Draper’s previous holidays from sanity have zoned in on his guilt over Lane’s and his half-brother’s suicide (The Phantom), his anxiety about being discovered a deserting imposter (Hands and Knees), and his fear of repeating a cycle of misogynistic adultery (Mystery Date). Like a class assignment in Intermediate Freudian Analysis of Messed-Up Dudes, the character’s ampheta-mania in The Crash took us back to Dick’s childhood brothel, and showed us the genesis of his warped relationship with sex and women. The child is the father of the man? You can say that again, Peggy.
Dick lost his virginity in an experience combining physical and emotional abuse from his step-mother with maternal and erotic attention from his prostitute seductress. For him, sex, violence, motherly love and shame are all conflated into a writhing nest of the issues we’ve seen Draper cycle through over the past five and a half seasons. If you like, think of this week’s flashbacks as Draper’s psychosexual Rosebud, that, or the origin story for a really seedy superhero. All of which explains the character’s eccentric behaviour towards Sylvia: seducing her, debasing her, then mourning puppy dog-like over her departure. Broken-hearted Don just wants to be loved, the twisted bastard.
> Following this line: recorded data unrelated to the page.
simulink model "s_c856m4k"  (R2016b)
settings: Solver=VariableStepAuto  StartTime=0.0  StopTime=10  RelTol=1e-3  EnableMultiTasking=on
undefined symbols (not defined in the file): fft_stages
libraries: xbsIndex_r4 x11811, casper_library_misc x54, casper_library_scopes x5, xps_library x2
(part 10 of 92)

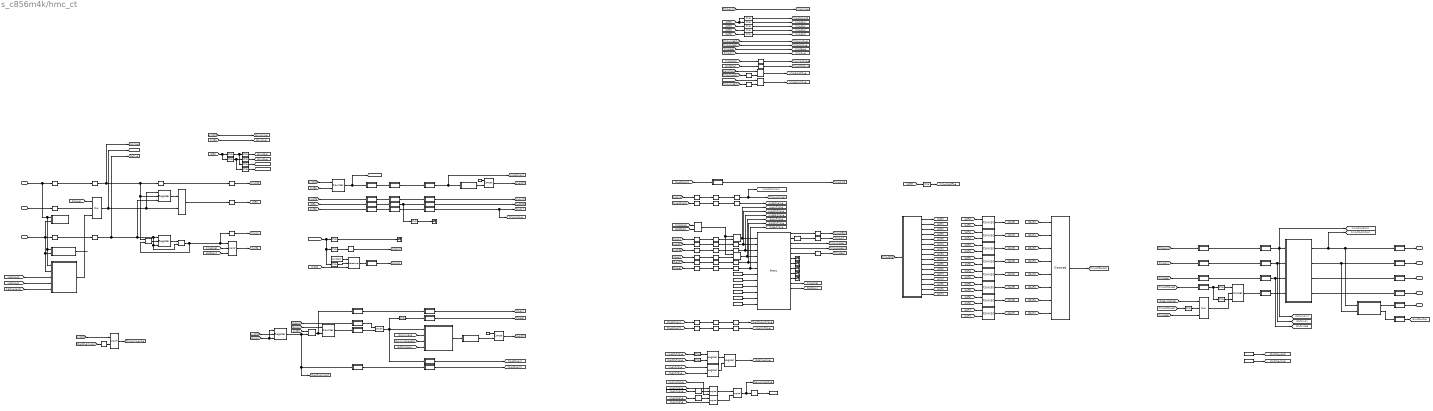
== system s_c856m4k/hmc_ct ==
  note: Sync debugging
  note: Map writes across HMC
      | for performance.
  note: Write two successive words together.
  note: Write is linear.
  note: Read when write switches banks.
  note: Map the output read to collect like channels.
  note: Map writes across HMC
      | for performance.
  note: TVG
  note: Eight parallel channels.
  note: Double buffer the data to form output packets
  note: HMC
  note: Check for _en sync and bank errors
  in_sync : Inport
  in_dv : Inport  Port=2
  in_d128 : Inport  Port=3
  Assertion : Assertion
  Concat{,1..10,12} (12 alike) : xbsIndex_r4/Concat  num_inputs=2  dbl_ovrd=off  block_type=concat
  Concat11 : xbsIndex_r4/Concat  num_inputs=8  dbl_ovrd=off  block_type=concat
  Concat13 : xbsIndex_r4/Concat  num_inputs=3  dbl_ovrd=off  block_type=concat
  Constant : xbsIndex_r4/Constant  const=2^((input_len_bits - 1) + output_len_bits + 1) - 1  gui_display_data_type=Fixed-point  arith_type=Unsigned  n_bits=(input_len_bits - 1) + output_len_bits  bin_pt=0  preci_type=Single  exp_width=8  frac_width=24  explicit_period=on  period=1  equ=P=C  opselect=C  inp2=PCIN>>17  opr=+  inp1=P  carry=CIN  dbl_ovrd=off  block_type=constant
  Constant1 : xbsIndex_r4/Constant  const=0  gui_display_data_type=Boolean  arith_type=Boolean  n_bits=1  bin_pt=0  preci_type=Single  exp_width=8  frac_width=24  explicit_period=on  period=1  equ=P=C  opselect=C  inp2=PCIN>>17  opr=+  inp1=P  carry=CIN  dbl_ovrd=off  block_type=constant
  Constant16 : xbsIndex_r4/Constant  const=384  gui_display_data_type=Fixed-point  arith_type=Unsigned  n_bits=9  bin_pt=0  preci_type=Single  exp_width=8  frac_width=24  explicit_period=on  period=1  equ=P=C  opselect=C  inp2=PCIN>>17  opr=+  inp1=P  carry=CIN  dbl_ovrd=off  block_type=constant
  Constant17 : xbsIndex_r4/Constant  const=128  gui_display_data_type=Fixed-point  arith_type=Unsigned  n_bits=9  bin_pt=0  preci_type=Single  exp_width=8  frac_width=24  explicit_period=on  period=1  equ=P=C  opselect=C  inp2=PCIN>>17  opr=+  inp1=P  carry=CIN  dbl_ovrd=off  block_type=constant
  Constant2 : xbsIndex_r4/Constant  const=0  gui_display_data_type=Fixed-point  arith_type=Unsigned  n_bits=27  bin_pt=0  preci_type=Single  exp_width=8  frac_width=24  explicit_period=on  period=1  equ=P=C  opselect=C  inp2=PCIN>>17  opr=+  inp1=P  carry=CIN  dbl_ovrd=off  block_type=constant
  Constant3 : xbsIndex_r4/Constant  const=0  gui_display_data_type=Fixed-point  arith_type=Unsigned  n_bits=256  bin_pt=0  preci_type=Single  exp_width=8  frac_width=24  explicit_period=on  period=1  equ=P=C  opselect=C  inp2=PCIN>>17  opr=+  inp1=P  carry=CIN  dbl_ovrd=off  block_type=constant
  Constant4 : xbsIndex_r4/Constant  const=0  gui_display_data_type=Fixed-point  arith_type=Unsigned  n_bits=9  bin_pt=0  preci_type=Single  exp_width=8  frac_width=24  explicit_period=on  period=1  equ=P=C  opselect=C  inp2=PCIN>>17  opr=+  inp1=P  carry=CIN  dbl_ovrd=off  block_type=constant
  Constant5 : xbsIndex_r4/Constant  const=0  gui_display_data_type=Boolean  arith_type=Boolean  n_bits=1  bin_pt=0  preci_type=Single  exp_width=8  frac_width=24  explicit_period=on  period=1  equ=P=C  opselect=C  inp2=PCIN>>17  opr=+  inp1=P  carry=CIN  dbl_ovrd=off  block_type=constant
  Constant6 : xbsIndex_r4/Constant  const=0  gui_display_data_type=Fixed-point  arith_type=Unsigned  n_bits=27 - (input_len_bits + output_len_bits)  bin_pt=0  preci_type=Single  exp_width=8  frac_width=24  explicit_period=on  period=1  equ=P=C  opselect=C  inp2=PCIN>>17  opr=+  inp1=P  carry=CIN  dbl_ovrd=off  block_type=constant
  Constant7 : xbsIndex_r4/Constant  const=0  gui_display_data_type=Fixed-point  arith_type=Unsigned  n_bits=27  bin_pt=0  preci_type=Single  exp_width=8  frac_width=24  explicit_period=on  period=1  equ=P=C  opselect=C  inp2=PCIN>>17  opr=+  inp1=P  carry=CIN  dbl_ovrd=off  block_type=constant
  Constant8 : xbsIndex_r4/Constant  const=0  gui_display_data_type=Fixed-point  arith_type=Unsigned  n_bits=27 - (input_len_bits + output_len_bits)  bin_pt=0  preci_type=Single  exp_width=8  frac_width=24  explicit_period=on  period=1  equ=P=C  opselect=C  inp2=PCIN>>17  opr=+  inp1=P  carry=CIN  dbl_ovrd=off  block_type=constant
  Delay{1..2,4..13,16..19,21..23,25..27,30..32,41} (26 alike) : xbsIndex_r4/Delay  rst=off  infoeditControl=Selection of Reset will increase slice count due to use of real FFs and instead of SRLs  en=off  latency=1  reg_retiming=off  dbl_ovrd=off  block_type=delay
      settings: infoedit=Hardware notes: A delay line is a chain, each link of which is an SRL16 or SRL32 followed by a flip-flop.
  Delay{14..15,35,39,42} (5 alike) : xbsIndex_r4/Delay  rst=off  infoeditControl=Selection of Reset will increase slice count due to use of real FFs and instead of SRLs  en=off  latency=2  reg_retiming=off  dbl_ovrd=off  block_type=delay
      settings: infoedit=Hardware notes: A delay line is a chain, each link of which is an SRL16 or SRL32 followed by a flip-flop.
  Delay{3,20,24,28..29,37..38,40} (8 alike) : xbsIndex_r4/Delay  rst=off  infoeditControl=Selection of Reset will increase slice count due to use of real FFs and instead of SRLs  en=off  latency=5  reg_retiming=off  dbl_ovrd=off  block_type=delay
      settings: infoedit=Hardware notes: A delay line is a chain, each link of which is an SRL16 or SRL32 followed by a flip-flop.
  Delay33 : xbsIndex_r4/Delay  rst=off  infoeditControl=Selection of Reset will increase slice count due to use of real FFs and instead of SRLs  en=off  latency=4  reg_retiming=off  dbl_ovrd=off  block_type=delay
      settings: infoedit=Hardware notes: A delay line is a chain, each link of which is an SRL16 or SRL32 followed by a flip-flop.
  Delay34 : xbsIndex_r4/Delay  rst=off  infoeditControl=Selection of Reset will increase slice count due to use of real FFs and instead of SRLs  en=off  latency=4  reg_retiming=off  dbl_ovrd=off  block_type=delay
      settings: infoedit=Hardware notes: A delay line is a chain, each link of which is an SRL16 or SRL32 followed by a flip-flop.
  Delay36 : xbsIndex_r4/Delay  rst=off  infoeditControl=Selection of Reset will increase slice count due to use of real FFs and instead of SRLs  en=off  latency=4  reg_retiming=off  dbl_ovrd=off  block_type=delay
      settings: infoedit=Hardware notes: A delay line is a chain, each link of which is an SRL16 or SRL32 followed by a flip-flop.
  Inverter{,1..2,4..6} (6 alike) : xbsIndex_r4/Inverter  en=off  latency=0  dbl_ovrd=off  block_type=inv
  Inverter3 : xbsIndex_r4/Inverter  en=off  latency=1  dbl_ovrd=off  block_type=inv
  Logical : xbsIndex_r4/Logical  logical_function=AND  inputs=2  en=off  latency=0  precision=Full  arith_type=Unsigned  n_bits=16  bin_pt=0  align_bp=on  dbl_ovrd=off  block_type=logical
  Logical1 : xbsIndex_r4/Logical  logical_function=AND  inputs=2  en=off  latency=1  precision=User Defined  arith_type=Boolean  n_bits=1  bin_pt=0  align_bp=on  dbl_ovrd=off  block_type=logical
  Logical10 : xbsIndex_r4/Logical  logical_function=OR  inputs=2  en=off  latency=0  precision=Full  arith_type=Unsigned  n_bits=16  bin_pt=0  align_bp=on  dbl_ovrd=off  block_type=logical
  Logical{5,7,11,13} (4 alike) : xbsIndex_r4/Logical  logical_function=AND  inputs=2  en=off  latency=5  precision=Full  arith_type=Unsigned  n_bits=16  bin_pt=0  align_bp=on  dbl_ovrd=off  block_type=logical
  Logical12 : xbsIndex_r4/Logical  logical_function=AND  inputs=2  en=off  latency=1  precision=User Defined  arith_type=Boolean  n_bits=1  bin_pt=0  align_bp=on  dbl_ovrd=off  block_type=logical
  Logical14 : xbsIndex_r4/Logical  logical_function=OR  inputs=2  en=off  latency=5  precision=Full  arith_type=Unsigned  n_bits=16  bin_pt=0  align_bp=on  dbl_ovrd=off  block_type=logical
  Logical15 : xbsIndex_r4/Logical  logical_function=AND  inputs=2  en=off  latency=2  precision=Full  arith_type=Unsigned  n_bits=16  bin_pt=0  align_bp=on  dbl_ovrd=off  block_type=logical
  Logical2 : xbsIndex_r4/Logical  logical_function=OR  inputs=2  en=off  latency=0  precision=Full  arith_type=Unsigned  n_bits=16  bin_pt=0  align_bp=on  dbl_ovrd=off  block_type=logical
  Logical3 : xbsIndex_r4/Logical  logical_function=AND  inputs=2  en=off  latency=0  precision=Full  arith_type=Unsigned  n_bits=16  bin_pt=0  align_bp=on  dbl_ovrd=off  block_type=logical
  Logical4 : xbsIndex_r4/Logical  logical_function=AND  inputs=2  en=off  latency=1  precision=Full  arith_type=Unsigned  n_bits=16  bin_pt=0  align_bp=on  dbl_ovrd=off  block_type=logical
  Logical6 : xbsIndex_r4/Logical  logical_function=AND  inputs=2  en=on  latency=5  precision=Full  arith_type=Unsigned  n_bits=16  bin_pt=0  align_bp=on  dbl_ovrd=off  block_type=logical
  Logical8 : xbsIndex_r4/Logical  logical_function=AND  inputs=2  en=off  latency=0  precision=Full  arith_type=Unsigned  n_bits=16  bin_pt=0  align_bp=on  dbl_ovrd=off  block_type=logical
  Logical9 : xbsIndex_r4/Logical  logical_function=AND  inputs=3  en=off  latency=2  precision=Full  arith_type=Unsigned  n_bits=16  bin_pt=0  align_bp=on  dbl_ovrd=off  block_type=logical
  Mux : xbsIndex_r4/Mux  inputs=2  en=off  latency=2  precision=Full  arith_type=Unsigned  n_bits=16  bin_pt=14  quantization=Truncate  overflow=Wrap  dbl_ovrd=off  block_type=mux
  Mux3 : xbsIndex_r4/Mux  inputs=2  en=off  latency=2  precision=Full  arith_type=Unsigned  n_bits=16  bin_pt=14  quantization=Truncate  overflow=Wrap  dbl_ovrd=off  block_type=mux
  Register : xbsIndex_r4/Register  init=0  rst=on  en=on  dbl_ovrd=off  block_type=register
  Relational1 : xbsIndex_r4/Relational  mode=a=b  op_type=Bool  en=on  latency=1  dbl_ovrd=off  block_type=relational
  Slice : xbsIndex_r4/Slice  nbits=12  boolean_output=off  mode=Lower Bit Location + Width  bit1=0  base1=MSB of Input  bit0=0  base0=LSB of Input  dbl_ovrd=off  block_type=slice
  Slice1 : xbsIndex_r4/Slice  nbits=9  boolean_output=off  mode=Lower Bit Location + Width  bit1=0  base1=MSB of Input  bit0=0  base0=LSB of Input  dbl_ovrd=off  block_type=slice
  Slice12 : xbsIndex_r4/Slice  nbits=1  boolean_output=on  mode=Lower Bit Location + Width  bit1=0  base1=MSB of Input  bit0=input_len_bits - 1 + output_len_bits  base0=LSB of Input  dbl_ovrd=off  block_type=slice
  Slice13 : xbsIndex_r4/Slice  nbits=1  boolean_output=on  mode=Lower Bit Location + Width  bit1=0  base1=MSB of Input  bit0=input_len_bits - 1 + output_len_bits  base0=LSB of Input  dbl_ovrd=off  block_type=slice
  Slice{2..5} (4 alike) : xbsIndex_r4/Slice  nbits=input_len_bits + 2  boolean_output=off  mode=Lower Bit Location + Width  bit1=0  base1=MSB of Input  bit0=0  base0=LSB of Input  dbl_ovrd=off  block_type=slice
  Slice6 : xbsIndex_r4/Slice  nbits=input_len_bits + 2  boolean_output=on  mode=Upper Bit Location + Width  bit1=0  base1=MSB of Input  bit0=0  base0=LSB of Input  dbl_ovrd=off  block_type=slice
  Terminator{1,16,20..24} (7 alike) : Terminator
  bank : xbsIndex_r4/Slice  nbits=1  boolean_output=on  mode=Upper Bit Location + Width  bit1=0  base1=MSB of Input  bit0=0  base0=LSB of Input  dbl_ovrd=off  block_type=slice
  bank1 : xbsIndex_r4/Slice  nbits=12  boolean_output=off  mode=Upper Bit Location + Width  bit1=-4  base1=MSB of Input  bit0=0  base0=LSB of Input  dbl_ovrd=off  block_type=slice
  bank2 : xbsIndex_r4/Slice  nbits=12  boolean_output=off  mode=Upper Bit Location + Width  bit1=-4  base1=MSB of Input  bit0=128  base0=LSB of Input  dbl_ovrd=off  block_type=slice
  bank3 : xbsIndex_r4/Slice  nbits=12  boolean_output=off  mode=Upper Bit Location + Width  bit1=-4  base1=MSB of Input  bit0=128  base0=LSB of Input  dbl_ovrd=off  block_type=slice
  bank4 : xbsIndex_r4/Slice  nbits=128  boolean_output=off  mode=Lower Bit Location + Width  bit1=0  base1=MSB of Input  bit0=128  base0=LSB of Input  dbl_ovrd=off  block_type=slice
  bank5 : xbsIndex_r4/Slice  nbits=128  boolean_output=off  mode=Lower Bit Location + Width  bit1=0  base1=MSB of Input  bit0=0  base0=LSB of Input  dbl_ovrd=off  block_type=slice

The rest of the firm’s men weren’t faring much better under the influence of the needle, from tap-dancing Kenny (David Lynch meets Ally McBeal) to maudlin arm-wrestler Stan. The shots brought in by the new Roger – who, unbelievable as this may sound, is proving even less scrupulous than the old Roger – didn’t have the desired effect of pepping up a workforce whose creative juices had been drained by the unsatisfied giant of GM. Instead, they landed the team with a weekend of misspelling, debauchery, and cod-philosophical bullshit. Business as usual then for anyone who’s spent time around ‘creatives’ on coke.
Winning the Chevy account has turned out to be a pyrrhic victory for the newly merged firms, which may have gone into the pitch together, but have yet to coalesce, or even give themselves a new name. GM is following in Jaguar Herb’s footsteps by throwing its weight around and making unreasonable demands. Don’s solution? The same as his answer to any tricky situation: get out of there, and leave someone else to pick up the pieces.
Literally picking up the pieces this week was Dawn, who joined Peggy in caring for the men this week. Since Peggy’s “Move on” instruction to Don last week, she’s back to being the voice of moral reason in Mad Men, lending Stan some wise words about coping with loss, and telling off Jim Cutler for the mess he’d made. Hopefully the pathetic men/wise women dynamic won’t continue uninterrupted for long, as reducing either gender to child and parent archetypes won’t serve the show’s characters well. Glad as I am to see Peggy back, she was more compelling giving hand jobs to strangers and exploring the edges of her own morality than she is mothering and chastising her male workmates.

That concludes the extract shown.